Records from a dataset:
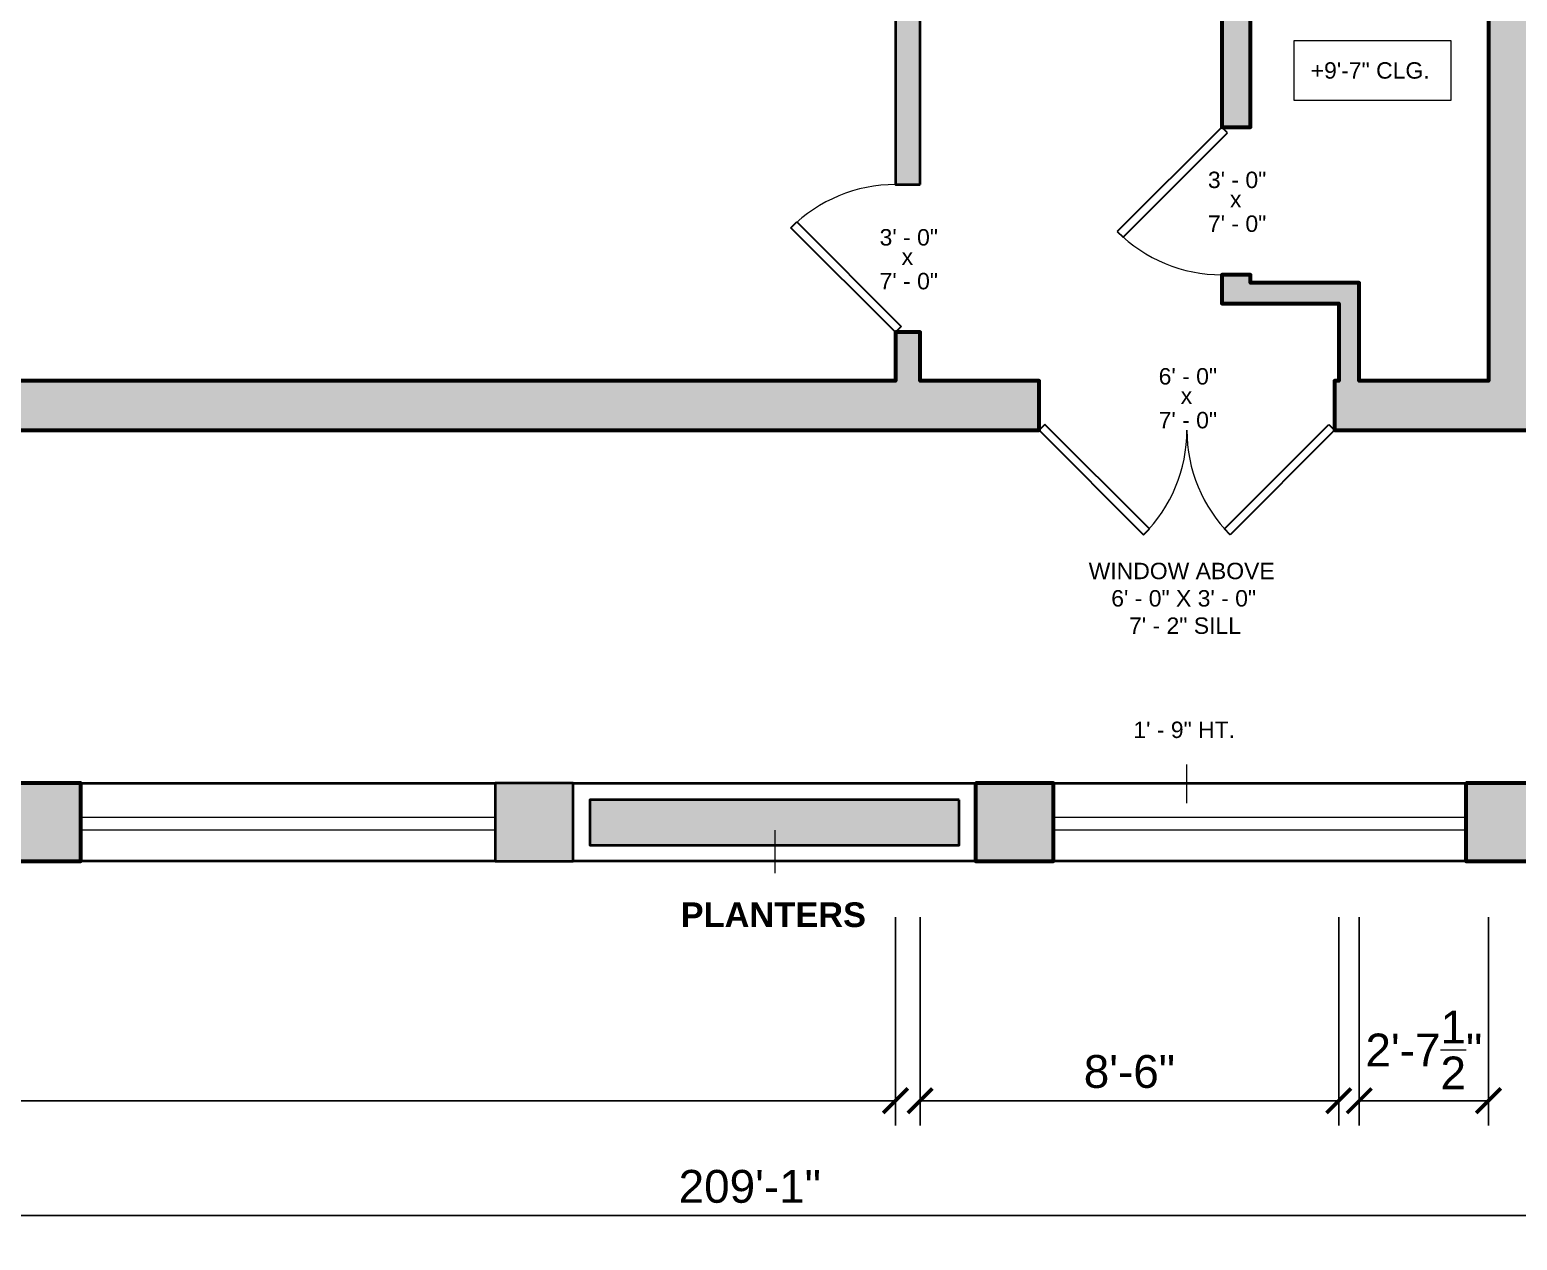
# Model space of a CAD drawing. Header units: inches. Extents: x -2078 to 106214, y -964 to 6385.
# Drawn here: x 76723.5 to 77085.9, y 3752.7 to 4047.8 of the extents above; entities that cross this region are included whole.
import ezdxf

# ---------------------------------------------------------------- set-up
doc = ezdxf.new("R2010")
doc.units = ezdxf.units.IN
doc.header["$MEASUREMENT"] = 0
for name, color, linetype, lineweight in [('A-ANNO', 2, 'Continuous', 5), ('A-ANNO-DIMS', 1, 'Continuous', 9), ('A-DOOR', 1, 'Continuous', 18), ('A-RAILING', 4, 'Continuous', 9), ('A-WALL', 3, 'Continuous', 40)]:
    doc.layers.add(name, color=color, linetype=linetype, lineweight=lineweight)
doc.layers.add('A-HATCH', color=9, linetype='Continuous')
doc.styles.add('Arial_1', font='arial.ttf', dxfattribs={"height": 0.0625})
doc.styles.add('Arial_2', font='arial.ttf', dxfattribs={"height": 3})
doc.styles.add('Arial_B', font='arialbd.ttf', dxfattribs={"height": 4.5})
doc.styles.add('Jay Cad', font='arial.ttf', dxfattribs={"height": 0.125})
doc.dimstyles.new('Jay Cad - DIMS', dxfattribs={"dimtxt": 0.125, "dimasz": 0.09375, "dimexe": 0.09375, "dimexo": 0.09375, "dimgap": 0.046875, "dimtad": 1, "dimdec": 1, "dimzin": 0, "dimdsep": 46, "dimlunit": 4, "dimtxsty": 'Jay Cad', "dimblk": 'ARCHTICK', "dimcen": 0.09, "dimclrd": 1, "dimclre": 1, "dimclrt": 256, "dimadec": 0, "dimazin": 0, "dimtfac": 1, "dimtdec": 1, "dimtofl": 0, "dimtmove": 1, "dimatfit": 3, "dimfxl": 1, "dimtolj": 1, "dimtzin": 0, "dimarcsym": 0})

# ---------------------------------------------------------------- blocks, each defined once
blk = doc.blocks.new('JC_DOOR_SINGLE PANEL - SINGLE DOOR-1453630-Weiler Hall - Main Floor Plan Existing')
at = {"layer": 'A-DOOR', "lineweight": 30}
for p, q in [((-8.87, -27.04), (16.59, -1.59)), ((18, -3), (-7.46, -28.46)), ((16.59, -1.59), (18, -3)), ((-7.46, -28.46), (-8.87, -27.04))]:
    blk.add_line(p, q, dxfattribs=at)
at = {"layer": 'A-DOOR', "lineweight": 9}
blk.add_arc((18, -3), 36, 180, 225, dxfattribs=at)
blk = doc.blocks.new('JC_DOUBLE DOOR - DOUBLE DOOR-1453999-Weiler Hall - Main Floor Plan Existing')
at = {"layer": 'A-DOOR', "lineweight": 30}
for p, q in [((-36, 6), (-10.54, 31.46)), ((-9.13, 30.04), (-34.59, 4.59)), ((-10.54, 31.46), (-9.13, 30.04)), ((10.54, 31.46), (9.13, 30.04)), ((9.13, 30.04), (34.59, 4.59)), ((36, 6), (10.54, 31.46)), ((-34.59, 4.59), (-36, 6)), ((34.59, 4.59), (36, 6))]:
    blk.add_line(p, q, dxfattribs=at)
at = {"layer": 'A-DOOR', "lineweight": 9}
for centre, start, end in [((-36, 6), 0, 45), ((36, 6), 135, 180)]:
    blk.add_arc(centre, 36, start, end, dxfattribs=at)
blk = doc.blocks.new('JC_DOOR_SINGLE PANEL - SINGLE DOOR-1450546-Weiler Hall - Main Floor Plan Existing')
at = {"layer": 'A-DOOR', "lineweight": 30}
for p, q in [((-7.46, 28.96), (-8.87, 27.54)), ((-8.87, 27.54), (16.59, 2.09)), ((18, 3.5), (-7.46, 28.96)), ((16.59, 2.09), (18, 3.5))]:
    blk.add_line(p, q, dxfattribs=at)
at = {"layer": 'A-DOOR', "lineweight": 9}
blk.add_arc((18, 3.5), 36, 135, 180, dxfattribs=at)
blk = doc.blocks.new('Railings 5 - Railings 1-1472708-Weiler Hall - Main Floor Plan Existing')
at = {"layer": 'A-RAILING'}
for p, q in [((992, -18.54), (891.5, -18.54)), ((891.5, -21.54), (992, -21.54))]:
    blk.add_line(p, q, dxfattribs=at)
blk = doc.blocks.new('Railings 6 - Railings 1-1472726-Weiler Hall - Main Floor Plan Existing')
at = {"layer": 'A-RAILING'}
for p, q in [((992, -18.54), (891, -18.54)), ((891, -21.54), (992, -21.54))]:
    blk.add_line(p, q, dxfattribs=at)
blk = doc.blocks.new('JC- existing door Tag_quad - JC- existing door Tag_quad-839775-Weiler Hall - Main Floor Plan Existing')
at = {"layer": 'A-ANNO', "insert": (-0.0234, 0.0378), "char_height": 0.0625, "width": 0.0505, "attachment_point": 1, "style": 'Arial_1', "bg_fill": 3, "box_fill_scale": 1.25, "bg_fill_color": 256, "bg_fill_true_color": 13158600, "bg_fill_transparency": 0}
blk.add_mtext('x', dxfattribs=at)
blk = doc.blocks.new('_ArchTick')
at = {"color": 0, "linetype": 'ByBlock', "const_width": 0.15}
blk.add_lwpolyline([(-0.5, -0.5), (0.5, 0.5)], dxfattribs=at)
blk = doc.blocks.new('*D2844')
at = {"layer": 'A-ANNO-DIMS', "color": 1, "lineweight": -2, "transparency": 16777216}
for p, q in [((75644.43, 3947.96), (75644.43, 3752.73)), ((78153.43, 3944.15), (78153.43, 3752.73)), ((75644.43, 3758.73), (78153.43, 3758.73))]:
    blk.add_line(p, q, dxfattribs=at)
at = {"layer": 'Defpoints', "color": 0, "transparency": 16777216}
for p in [(75644.43, 3953.96), (78153.43, 3950.15), (78153.43, 3758.73)]:
    blk.add_point(p, dxfattribs=at)
at = {"layer": 'A-ANNO-DIMS', "color": 1, "lineweight": -2, "transparency": 16777216, "xscale": 6, "yscale": 6, "zscale": 6, "rotation": 180}
blk.add_blockref('_ArchTick', (75644.43, 3758.73), dxfattribs=at)
at = {"layer": 'A-ANNO-DIMS', "color": 1, "lineweight": -2, "transparency": 16777216, "xscale": 6, "yscale": 6, "zscale": 6}
blk.add_blockref('_ArchTick', (78153.43, 3758.73), dxfattribs=at)
at = {"layer": 'A-ANNO-DIMS', "color": 2, "transparency": 16777216, "insert": (76898.93, 3765.81), "char_height": 8, "width": 0.7652, "attachment_point": 5, "style": 'Jay Cad'}
blk.add_mtext('\\A1;209\'-1"', dxfattribs=at)
blk = doc.blocks.new('*D2820')
at = {"layer": 'A-ANNO-DIMS', "color": 1, "lineweight": -2, "transparency": 16777216}
for p, q in [((76374.43, 3831.46), (76374.43, 3780.73)), ((76934.43, 3831.46), (76934.43, 3780.73)), ((76374.43, 3786.73), (76934.43, 3786.73))]:
    blk.add_line(p, q, dxfattribs=at)
at = {"layer": 'Defpoints', "color": 0, "transparency": 16777216}
for p in [(76374.43, 3837.46), (76934.43, 3837.46), (76934.43, 3786.73)]:
    blk.add_point(p, dxfattribs=at)
at = {"layer": 'A-ANNO-DIMS', "color": 1, "lineweight": -2, "transparency": 16777216, "xscale": 6, "yscale": 6, "zscale": 6, "rotation": 180}
blk.add_blockref('_ArchTick', (76374.43, 3786.73), dxfattribs=at)
at = {"layer": 'A-ANNO-DIMS', "color": 1, "lineweight": -2, "transparency": 16777216, "xscale": 6, "yscale": 6, "zscale": 6}
blk.add_blockref('_ArchTick', (76934.43, 3786.73), dxfattribs=at)
at = {"layer": 'A-ANNO-DIMS', "color": 2, "transparency": 16777216, "insert": (76654.43, 3793.81), "char_height": 8, "width": 0.6498, "attachment_point": 5, "style": 'Jay Cad'}
blk.add_mtext('\\A1;46\'-8"', dxfattribs=at)
blk = doc.blocks.new('*D2821')
at = {"layer": 'A-ANNO-DIMS', "color": 1, "lineweight": -2, "transparency": 16777216}
for p, q in [((76940.43, 3831.46), (76940.43, 3780.73)), ((77042.43, 3831.46), (77042.43, 3780.73)), ((76940.43, 3786.73), (77042.43, 3786.73))]:
    blk.add_line(p, q, dxfattribs=at)
at = {"layer": 'Defpoints', "color": 0, "transparency": 16777216}
for p in [(76940.43, 3837.46), (77042.43, 3837.46), (77042.43, 3786.73)]:
    blk.add_point(p, dxfattribs=at)
at = {"layer": 'A-ANNO-DIMS', "color": 1, "lineweight": -2, "transparency": 16777216, "xscale": 6, "yscale": 6, "zscale": 6, "rotation": 180}
blk.add_blockref('_ArchTick', (76940.43, 3786.73), dxfattribs=at)
at = {"layer": 'A-ANNO-DIMS', "color": 1, "lineweight": -2, "transparency": 16777216, "xscale": 6, "yscale": 6, "zscale": 6}
blk.add_blockref('_ArchTick', (77042.43, 3786.73), dxfattribs=at)
at = {"layer": 'A-ANNO-DIMS', "color": 2, "transparency": 16777216, "insert": (76991.43, 3793.81), "char_height": 8, "width": 0.5345, "attachment_point": 5, "style": 'Jay Cad'}
blk.add_mtext('\\A1;8\'-6"', dxfattribs=at)
blk = doc.blocks.new('*D2822')
at = {"layer": 'A-ANNO-DIMS', "color": 1, "lineweight": -2, "transparency": 16777216}
for p, q in [((77047.43, 3831.46), (77047.43, 3780.73)), ((77078.93, 3831.46), (77078.93, 3780.73)), ((77047.43, 3786.73), (77078.93, 3786.73))]:
    blk.add_line(p, q, dxfattribs=at)
at = {"layer": 'Defpoints', "color": 0, "transparency": 16777216}
for p in [(77047.43, 3837.46), (77078.93, 3837.46), (77078.93, 3786.73)]:
    blk.add_point(p, dxfattribs=at)
at = {"layer": 'A-ANNO-DIMS', "color": 1, "lineweight": -2, "transparency": 16777216, "xscale": 6, "yscale": 6, "zscale": 6, "rotation": 180}
blk.add_blockref('_ArchTick', (77047.43, 3786.73), dxfattribs=at)
at = {"layer": 'A-ANNO-DIMS', "color": 1, "lineweight": -2, "transparency": 16777216, "xscale": 6, "yscale": 6, "zscale": 6}
blk.add_blockref('_ArchTick', (77078.93, 3786.73), dxfattribs=at)
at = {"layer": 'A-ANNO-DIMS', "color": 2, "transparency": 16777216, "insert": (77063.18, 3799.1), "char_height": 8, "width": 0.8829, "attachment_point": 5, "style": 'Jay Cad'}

--- Task ---
Looking at the records above, which lines contain "linetype"? Copy those lines.

--- Exercise result ---
for name, color, linetype, lineweight in [('A-ANNO', 2, 'Continuous', 5), ('A-ANNO-DIMS', 1, 'Continuous', 9), ('A-DOOR', 1, 'Continuous', 18), ('A-RAILING', 4, 'Continuous', 9), ('A-WALL', 3, 'Continuous', 40)]:
    doc.layers.add(name, color=color, linetype=linetype, lineweight=lineweight)
doc.layers.add('A-HATCH', color=9, linetype='Continuous')
at = {"color": 0, "linetype": 'ByBlock', "const_width": 0.15}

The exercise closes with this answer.